There was a relational psychologist being interviewed on the news a couple of days ago. She was talking about the cheating in politics that has been in the news. The news person asked her if she believed that humans were meant to be monogamous and she said the she believed that we are not biologically wired to be monogamous. I think that is true, although most of us suppress that urge to stray. I think that there are even people in a happy and satisfying marriage that can have the wish to occasionally be with someone else. Not to the exclusion of their current partner, but in addition. A lot of it has to do with wondering if we are still attractive to someone else. That is why people do harmless flirting. They have no intention to cheat and that flirting tells them that someone else might find them attractive in some way.

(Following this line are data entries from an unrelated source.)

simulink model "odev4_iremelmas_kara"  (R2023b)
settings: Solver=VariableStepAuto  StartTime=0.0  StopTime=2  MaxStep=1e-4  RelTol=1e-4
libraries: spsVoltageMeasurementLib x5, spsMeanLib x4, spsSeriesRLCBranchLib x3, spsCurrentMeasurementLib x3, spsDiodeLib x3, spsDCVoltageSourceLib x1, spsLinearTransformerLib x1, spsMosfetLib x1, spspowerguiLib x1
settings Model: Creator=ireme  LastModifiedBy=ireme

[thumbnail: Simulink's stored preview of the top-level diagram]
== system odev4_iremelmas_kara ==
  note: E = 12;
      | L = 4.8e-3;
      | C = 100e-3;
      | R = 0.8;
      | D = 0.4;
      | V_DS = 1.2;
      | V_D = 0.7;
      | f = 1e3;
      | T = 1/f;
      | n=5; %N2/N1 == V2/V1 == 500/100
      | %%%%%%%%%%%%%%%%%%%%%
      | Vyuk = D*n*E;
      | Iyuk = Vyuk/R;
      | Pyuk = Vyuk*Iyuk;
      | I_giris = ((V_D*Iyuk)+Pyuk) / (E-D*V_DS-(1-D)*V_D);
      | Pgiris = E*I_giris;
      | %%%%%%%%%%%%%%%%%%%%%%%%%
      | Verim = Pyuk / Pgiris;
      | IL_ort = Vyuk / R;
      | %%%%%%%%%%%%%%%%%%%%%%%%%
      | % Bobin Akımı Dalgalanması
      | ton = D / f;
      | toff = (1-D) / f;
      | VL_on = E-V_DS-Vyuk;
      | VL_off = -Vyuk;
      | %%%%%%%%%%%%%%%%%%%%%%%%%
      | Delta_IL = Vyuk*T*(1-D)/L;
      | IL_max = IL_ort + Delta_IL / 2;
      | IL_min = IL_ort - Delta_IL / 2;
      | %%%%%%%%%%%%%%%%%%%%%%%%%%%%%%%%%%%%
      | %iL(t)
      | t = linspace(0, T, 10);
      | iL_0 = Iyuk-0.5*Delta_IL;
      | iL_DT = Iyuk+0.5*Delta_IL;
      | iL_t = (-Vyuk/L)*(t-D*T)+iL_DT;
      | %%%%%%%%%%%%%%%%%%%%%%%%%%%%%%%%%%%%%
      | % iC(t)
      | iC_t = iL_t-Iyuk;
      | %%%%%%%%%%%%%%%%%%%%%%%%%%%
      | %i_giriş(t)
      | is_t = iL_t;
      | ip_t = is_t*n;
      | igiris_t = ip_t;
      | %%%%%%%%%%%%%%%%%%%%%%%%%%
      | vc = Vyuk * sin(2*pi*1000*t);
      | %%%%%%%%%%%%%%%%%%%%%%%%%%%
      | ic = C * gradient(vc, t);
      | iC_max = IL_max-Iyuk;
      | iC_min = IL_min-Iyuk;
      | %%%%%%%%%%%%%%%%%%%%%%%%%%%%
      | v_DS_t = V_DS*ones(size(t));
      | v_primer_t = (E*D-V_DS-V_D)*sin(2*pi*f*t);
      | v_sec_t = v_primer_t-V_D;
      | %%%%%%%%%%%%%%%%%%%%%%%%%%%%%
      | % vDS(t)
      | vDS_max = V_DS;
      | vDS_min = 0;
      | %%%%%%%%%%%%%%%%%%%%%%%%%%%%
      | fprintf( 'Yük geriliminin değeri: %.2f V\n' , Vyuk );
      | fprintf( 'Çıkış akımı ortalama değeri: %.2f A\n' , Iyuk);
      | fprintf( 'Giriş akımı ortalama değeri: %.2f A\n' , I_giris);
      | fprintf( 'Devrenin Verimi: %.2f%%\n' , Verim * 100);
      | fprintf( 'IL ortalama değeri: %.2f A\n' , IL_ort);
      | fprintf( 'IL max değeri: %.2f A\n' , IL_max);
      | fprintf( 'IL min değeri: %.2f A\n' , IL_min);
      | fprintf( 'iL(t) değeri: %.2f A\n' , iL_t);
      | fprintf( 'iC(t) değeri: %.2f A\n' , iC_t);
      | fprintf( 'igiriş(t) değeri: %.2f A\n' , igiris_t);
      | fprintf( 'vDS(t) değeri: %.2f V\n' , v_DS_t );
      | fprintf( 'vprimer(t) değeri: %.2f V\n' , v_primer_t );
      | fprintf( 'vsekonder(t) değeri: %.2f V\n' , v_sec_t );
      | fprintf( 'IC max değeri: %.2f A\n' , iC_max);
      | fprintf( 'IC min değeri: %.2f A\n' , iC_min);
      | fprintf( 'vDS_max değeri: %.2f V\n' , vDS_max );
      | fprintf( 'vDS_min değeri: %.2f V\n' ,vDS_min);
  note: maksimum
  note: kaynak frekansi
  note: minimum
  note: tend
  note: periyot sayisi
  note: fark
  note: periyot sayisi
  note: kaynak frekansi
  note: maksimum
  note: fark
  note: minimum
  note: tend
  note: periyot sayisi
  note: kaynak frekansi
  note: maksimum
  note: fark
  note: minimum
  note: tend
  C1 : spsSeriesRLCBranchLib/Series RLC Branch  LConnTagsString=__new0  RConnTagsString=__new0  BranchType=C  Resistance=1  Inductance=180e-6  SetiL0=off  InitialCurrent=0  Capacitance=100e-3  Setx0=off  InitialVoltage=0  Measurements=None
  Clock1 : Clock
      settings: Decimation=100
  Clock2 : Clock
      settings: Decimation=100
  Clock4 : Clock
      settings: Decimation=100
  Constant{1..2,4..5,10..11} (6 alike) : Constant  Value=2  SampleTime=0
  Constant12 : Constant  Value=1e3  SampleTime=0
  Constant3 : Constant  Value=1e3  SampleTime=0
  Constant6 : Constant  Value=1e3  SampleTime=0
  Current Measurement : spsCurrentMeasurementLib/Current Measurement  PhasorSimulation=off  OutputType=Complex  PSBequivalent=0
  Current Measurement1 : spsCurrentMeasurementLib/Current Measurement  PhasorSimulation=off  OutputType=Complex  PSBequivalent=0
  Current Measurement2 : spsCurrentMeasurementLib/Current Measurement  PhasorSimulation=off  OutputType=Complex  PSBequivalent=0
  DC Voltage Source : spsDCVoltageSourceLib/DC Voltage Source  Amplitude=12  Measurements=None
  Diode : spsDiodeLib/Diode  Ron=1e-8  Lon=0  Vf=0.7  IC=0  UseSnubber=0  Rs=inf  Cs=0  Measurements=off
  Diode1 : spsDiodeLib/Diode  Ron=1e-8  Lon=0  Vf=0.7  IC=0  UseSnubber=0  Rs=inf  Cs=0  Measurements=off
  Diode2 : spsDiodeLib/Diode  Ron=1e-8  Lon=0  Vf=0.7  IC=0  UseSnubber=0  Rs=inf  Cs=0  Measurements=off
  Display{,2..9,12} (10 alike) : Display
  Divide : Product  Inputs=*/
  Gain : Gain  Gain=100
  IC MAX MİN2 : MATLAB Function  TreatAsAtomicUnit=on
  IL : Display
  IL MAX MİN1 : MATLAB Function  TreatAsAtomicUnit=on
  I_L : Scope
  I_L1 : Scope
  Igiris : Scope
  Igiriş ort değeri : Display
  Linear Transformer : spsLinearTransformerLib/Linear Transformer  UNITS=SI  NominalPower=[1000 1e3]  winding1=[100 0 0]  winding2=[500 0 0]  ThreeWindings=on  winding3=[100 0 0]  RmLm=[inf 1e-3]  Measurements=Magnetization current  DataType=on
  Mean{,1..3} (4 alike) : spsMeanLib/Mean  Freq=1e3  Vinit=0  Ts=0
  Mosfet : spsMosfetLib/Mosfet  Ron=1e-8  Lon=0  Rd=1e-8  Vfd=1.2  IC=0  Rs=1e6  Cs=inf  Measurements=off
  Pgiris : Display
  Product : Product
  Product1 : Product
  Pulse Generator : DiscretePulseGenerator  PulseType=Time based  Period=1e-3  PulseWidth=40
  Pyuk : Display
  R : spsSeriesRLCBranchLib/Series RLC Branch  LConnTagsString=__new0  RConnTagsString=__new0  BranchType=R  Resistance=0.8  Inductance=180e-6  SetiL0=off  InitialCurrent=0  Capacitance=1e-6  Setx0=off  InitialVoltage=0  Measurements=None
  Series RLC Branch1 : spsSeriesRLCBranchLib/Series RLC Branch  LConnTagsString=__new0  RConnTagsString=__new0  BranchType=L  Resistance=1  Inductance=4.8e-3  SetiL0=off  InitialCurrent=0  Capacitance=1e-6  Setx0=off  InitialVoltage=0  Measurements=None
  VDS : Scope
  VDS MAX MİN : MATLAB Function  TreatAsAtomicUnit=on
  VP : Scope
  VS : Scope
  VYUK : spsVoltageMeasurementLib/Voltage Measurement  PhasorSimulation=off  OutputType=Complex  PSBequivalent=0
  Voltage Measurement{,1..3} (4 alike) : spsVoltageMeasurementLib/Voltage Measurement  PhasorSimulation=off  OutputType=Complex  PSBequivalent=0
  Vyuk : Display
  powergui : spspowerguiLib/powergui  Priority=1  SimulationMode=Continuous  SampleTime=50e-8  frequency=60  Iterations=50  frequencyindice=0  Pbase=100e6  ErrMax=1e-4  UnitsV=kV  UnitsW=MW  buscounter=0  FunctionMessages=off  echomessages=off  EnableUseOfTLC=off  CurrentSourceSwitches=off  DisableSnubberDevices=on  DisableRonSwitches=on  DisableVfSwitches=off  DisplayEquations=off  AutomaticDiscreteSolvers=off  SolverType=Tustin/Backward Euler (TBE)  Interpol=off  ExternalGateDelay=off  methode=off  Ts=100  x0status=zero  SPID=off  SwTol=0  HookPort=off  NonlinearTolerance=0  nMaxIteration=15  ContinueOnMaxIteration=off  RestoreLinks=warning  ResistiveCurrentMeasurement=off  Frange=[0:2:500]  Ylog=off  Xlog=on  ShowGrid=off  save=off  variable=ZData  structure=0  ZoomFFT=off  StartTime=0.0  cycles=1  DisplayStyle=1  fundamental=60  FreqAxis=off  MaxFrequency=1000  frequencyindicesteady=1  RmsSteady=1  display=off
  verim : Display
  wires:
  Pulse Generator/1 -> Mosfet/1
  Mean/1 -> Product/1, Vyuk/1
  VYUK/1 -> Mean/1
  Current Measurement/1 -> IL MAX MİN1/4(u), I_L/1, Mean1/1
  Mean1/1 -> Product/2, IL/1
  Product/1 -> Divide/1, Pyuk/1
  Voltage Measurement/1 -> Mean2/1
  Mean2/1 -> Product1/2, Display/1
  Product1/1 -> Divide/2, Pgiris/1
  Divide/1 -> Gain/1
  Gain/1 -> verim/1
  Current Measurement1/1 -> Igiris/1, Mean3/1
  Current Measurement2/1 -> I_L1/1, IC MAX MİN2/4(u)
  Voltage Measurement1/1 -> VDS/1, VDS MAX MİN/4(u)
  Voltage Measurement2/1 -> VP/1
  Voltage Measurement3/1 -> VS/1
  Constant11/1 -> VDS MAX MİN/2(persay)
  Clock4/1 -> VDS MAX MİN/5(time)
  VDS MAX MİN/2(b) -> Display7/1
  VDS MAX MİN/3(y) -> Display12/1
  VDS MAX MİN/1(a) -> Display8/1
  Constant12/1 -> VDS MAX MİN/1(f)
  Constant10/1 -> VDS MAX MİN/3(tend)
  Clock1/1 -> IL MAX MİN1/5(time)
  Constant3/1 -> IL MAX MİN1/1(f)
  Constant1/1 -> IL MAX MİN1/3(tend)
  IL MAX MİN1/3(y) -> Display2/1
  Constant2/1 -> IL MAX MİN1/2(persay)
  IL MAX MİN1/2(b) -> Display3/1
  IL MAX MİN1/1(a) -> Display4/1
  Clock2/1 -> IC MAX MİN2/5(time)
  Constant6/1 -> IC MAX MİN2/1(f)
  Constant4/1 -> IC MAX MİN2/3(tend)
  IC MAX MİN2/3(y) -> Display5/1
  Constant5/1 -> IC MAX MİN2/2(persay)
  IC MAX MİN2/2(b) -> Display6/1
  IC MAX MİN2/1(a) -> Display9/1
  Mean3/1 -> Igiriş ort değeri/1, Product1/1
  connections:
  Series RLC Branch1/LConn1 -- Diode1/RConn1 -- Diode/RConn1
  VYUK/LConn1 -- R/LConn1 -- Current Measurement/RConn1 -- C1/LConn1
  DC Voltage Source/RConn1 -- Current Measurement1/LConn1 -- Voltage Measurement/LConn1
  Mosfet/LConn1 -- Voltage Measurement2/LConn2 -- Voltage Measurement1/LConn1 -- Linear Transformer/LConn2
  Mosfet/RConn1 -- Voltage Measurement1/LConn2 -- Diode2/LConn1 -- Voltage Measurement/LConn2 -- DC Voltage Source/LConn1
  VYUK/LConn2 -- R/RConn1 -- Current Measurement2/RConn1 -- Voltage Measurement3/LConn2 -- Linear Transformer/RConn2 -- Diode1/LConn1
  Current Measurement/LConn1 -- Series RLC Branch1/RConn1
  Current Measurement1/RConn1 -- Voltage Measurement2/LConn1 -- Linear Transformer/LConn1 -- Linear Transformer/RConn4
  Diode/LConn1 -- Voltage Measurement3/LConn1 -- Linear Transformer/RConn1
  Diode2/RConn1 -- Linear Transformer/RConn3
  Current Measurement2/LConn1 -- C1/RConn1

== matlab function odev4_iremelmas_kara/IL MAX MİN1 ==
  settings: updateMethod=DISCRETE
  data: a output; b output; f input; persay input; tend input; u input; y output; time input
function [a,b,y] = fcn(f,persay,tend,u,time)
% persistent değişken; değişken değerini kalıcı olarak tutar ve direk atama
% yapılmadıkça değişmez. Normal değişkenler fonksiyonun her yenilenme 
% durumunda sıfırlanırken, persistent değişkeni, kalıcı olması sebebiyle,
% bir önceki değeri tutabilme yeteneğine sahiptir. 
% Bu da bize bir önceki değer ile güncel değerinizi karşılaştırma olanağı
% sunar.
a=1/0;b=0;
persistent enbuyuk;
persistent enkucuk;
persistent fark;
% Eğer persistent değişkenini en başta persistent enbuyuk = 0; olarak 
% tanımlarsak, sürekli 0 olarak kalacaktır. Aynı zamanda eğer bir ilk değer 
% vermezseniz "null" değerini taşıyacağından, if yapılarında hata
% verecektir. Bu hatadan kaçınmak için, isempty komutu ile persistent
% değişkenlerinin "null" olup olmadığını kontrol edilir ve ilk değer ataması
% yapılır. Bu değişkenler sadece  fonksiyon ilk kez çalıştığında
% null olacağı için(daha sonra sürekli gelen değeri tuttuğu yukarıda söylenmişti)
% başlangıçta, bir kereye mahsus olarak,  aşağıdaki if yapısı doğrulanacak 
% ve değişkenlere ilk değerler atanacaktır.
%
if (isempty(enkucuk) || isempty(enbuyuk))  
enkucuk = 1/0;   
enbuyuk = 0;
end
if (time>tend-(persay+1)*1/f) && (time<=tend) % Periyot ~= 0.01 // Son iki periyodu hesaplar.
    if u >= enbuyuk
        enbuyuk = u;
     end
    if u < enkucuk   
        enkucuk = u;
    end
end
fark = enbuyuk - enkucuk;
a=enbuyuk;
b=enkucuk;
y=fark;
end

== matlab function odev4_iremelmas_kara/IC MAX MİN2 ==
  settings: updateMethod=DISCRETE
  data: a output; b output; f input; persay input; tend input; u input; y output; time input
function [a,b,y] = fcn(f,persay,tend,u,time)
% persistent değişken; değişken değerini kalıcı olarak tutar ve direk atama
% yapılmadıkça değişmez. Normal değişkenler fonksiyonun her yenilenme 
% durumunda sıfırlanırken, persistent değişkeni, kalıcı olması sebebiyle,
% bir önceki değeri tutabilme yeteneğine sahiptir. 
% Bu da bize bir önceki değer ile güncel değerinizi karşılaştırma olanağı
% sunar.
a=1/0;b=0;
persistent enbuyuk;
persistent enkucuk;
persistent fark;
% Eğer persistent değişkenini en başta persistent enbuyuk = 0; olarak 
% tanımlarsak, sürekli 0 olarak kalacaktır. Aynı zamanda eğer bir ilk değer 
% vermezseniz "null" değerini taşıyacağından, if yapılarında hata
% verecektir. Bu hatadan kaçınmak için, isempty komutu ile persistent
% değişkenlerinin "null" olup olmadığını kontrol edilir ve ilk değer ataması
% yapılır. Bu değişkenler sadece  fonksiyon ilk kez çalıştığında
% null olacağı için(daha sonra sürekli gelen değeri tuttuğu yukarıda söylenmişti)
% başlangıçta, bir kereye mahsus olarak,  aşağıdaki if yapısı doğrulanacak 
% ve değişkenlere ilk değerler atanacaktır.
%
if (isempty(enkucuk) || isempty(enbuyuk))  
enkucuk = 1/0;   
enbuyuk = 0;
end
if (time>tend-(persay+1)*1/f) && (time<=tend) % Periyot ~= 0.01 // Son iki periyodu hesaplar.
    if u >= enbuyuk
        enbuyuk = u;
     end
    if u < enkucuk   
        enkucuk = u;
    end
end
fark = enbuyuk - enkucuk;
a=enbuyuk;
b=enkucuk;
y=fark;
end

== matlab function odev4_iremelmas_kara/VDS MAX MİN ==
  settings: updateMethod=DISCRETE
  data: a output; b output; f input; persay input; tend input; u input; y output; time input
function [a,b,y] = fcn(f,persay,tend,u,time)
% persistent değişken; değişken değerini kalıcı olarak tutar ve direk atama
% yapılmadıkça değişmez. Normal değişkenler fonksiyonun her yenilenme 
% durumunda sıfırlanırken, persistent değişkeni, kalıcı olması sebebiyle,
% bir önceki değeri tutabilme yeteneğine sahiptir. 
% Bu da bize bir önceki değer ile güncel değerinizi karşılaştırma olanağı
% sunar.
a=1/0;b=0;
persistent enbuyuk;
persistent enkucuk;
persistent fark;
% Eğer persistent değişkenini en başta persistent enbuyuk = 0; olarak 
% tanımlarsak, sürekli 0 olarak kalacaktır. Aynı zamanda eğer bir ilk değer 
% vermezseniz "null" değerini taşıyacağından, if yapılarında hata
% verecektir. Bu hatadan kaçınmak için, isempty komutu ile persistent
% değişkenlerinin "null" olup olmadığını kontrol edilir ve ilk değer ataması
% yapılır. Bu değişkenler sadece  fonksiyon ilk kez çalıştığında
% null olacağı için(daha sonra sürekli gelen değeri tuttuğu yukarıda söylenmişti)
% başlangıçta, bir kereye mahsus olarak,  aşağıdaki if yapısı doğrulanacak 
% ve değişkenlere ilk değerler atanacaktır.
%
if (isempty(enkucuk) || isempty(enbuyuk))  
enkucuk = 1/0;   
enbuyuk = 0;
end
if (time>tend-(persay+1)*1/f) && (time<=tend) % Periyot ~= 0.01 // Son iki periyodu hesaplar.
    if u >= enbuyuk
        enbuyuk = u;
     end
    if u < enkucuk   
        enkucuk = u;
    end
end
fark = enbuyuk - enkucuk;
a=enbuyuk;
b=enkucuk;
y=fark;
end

As Tisha said, marriages have their ups and downs. My marriage has had them. We have always worked on solving those problems and have never thought of divorce. Well, perhaps for a few minutes right after an argument when we are feeling hurt. A hug solves that feeling though.

I also don't think that marriage is a farce, but I don't think that it is necessary either. It is just part of our culture. People can have a lifelong partnership without marriage. If it were not for financial and insurance reasons, I see no reason for my wife and I to have gotten married. We don't have children. I don't think that our lives would have been different if we weren't married. We knew one couple who lived together for several years and then got married. They were divorced about a year later. I have no idea why. Perhaps they got married for the wrong reason, like to hold the partnership together if they were having problems.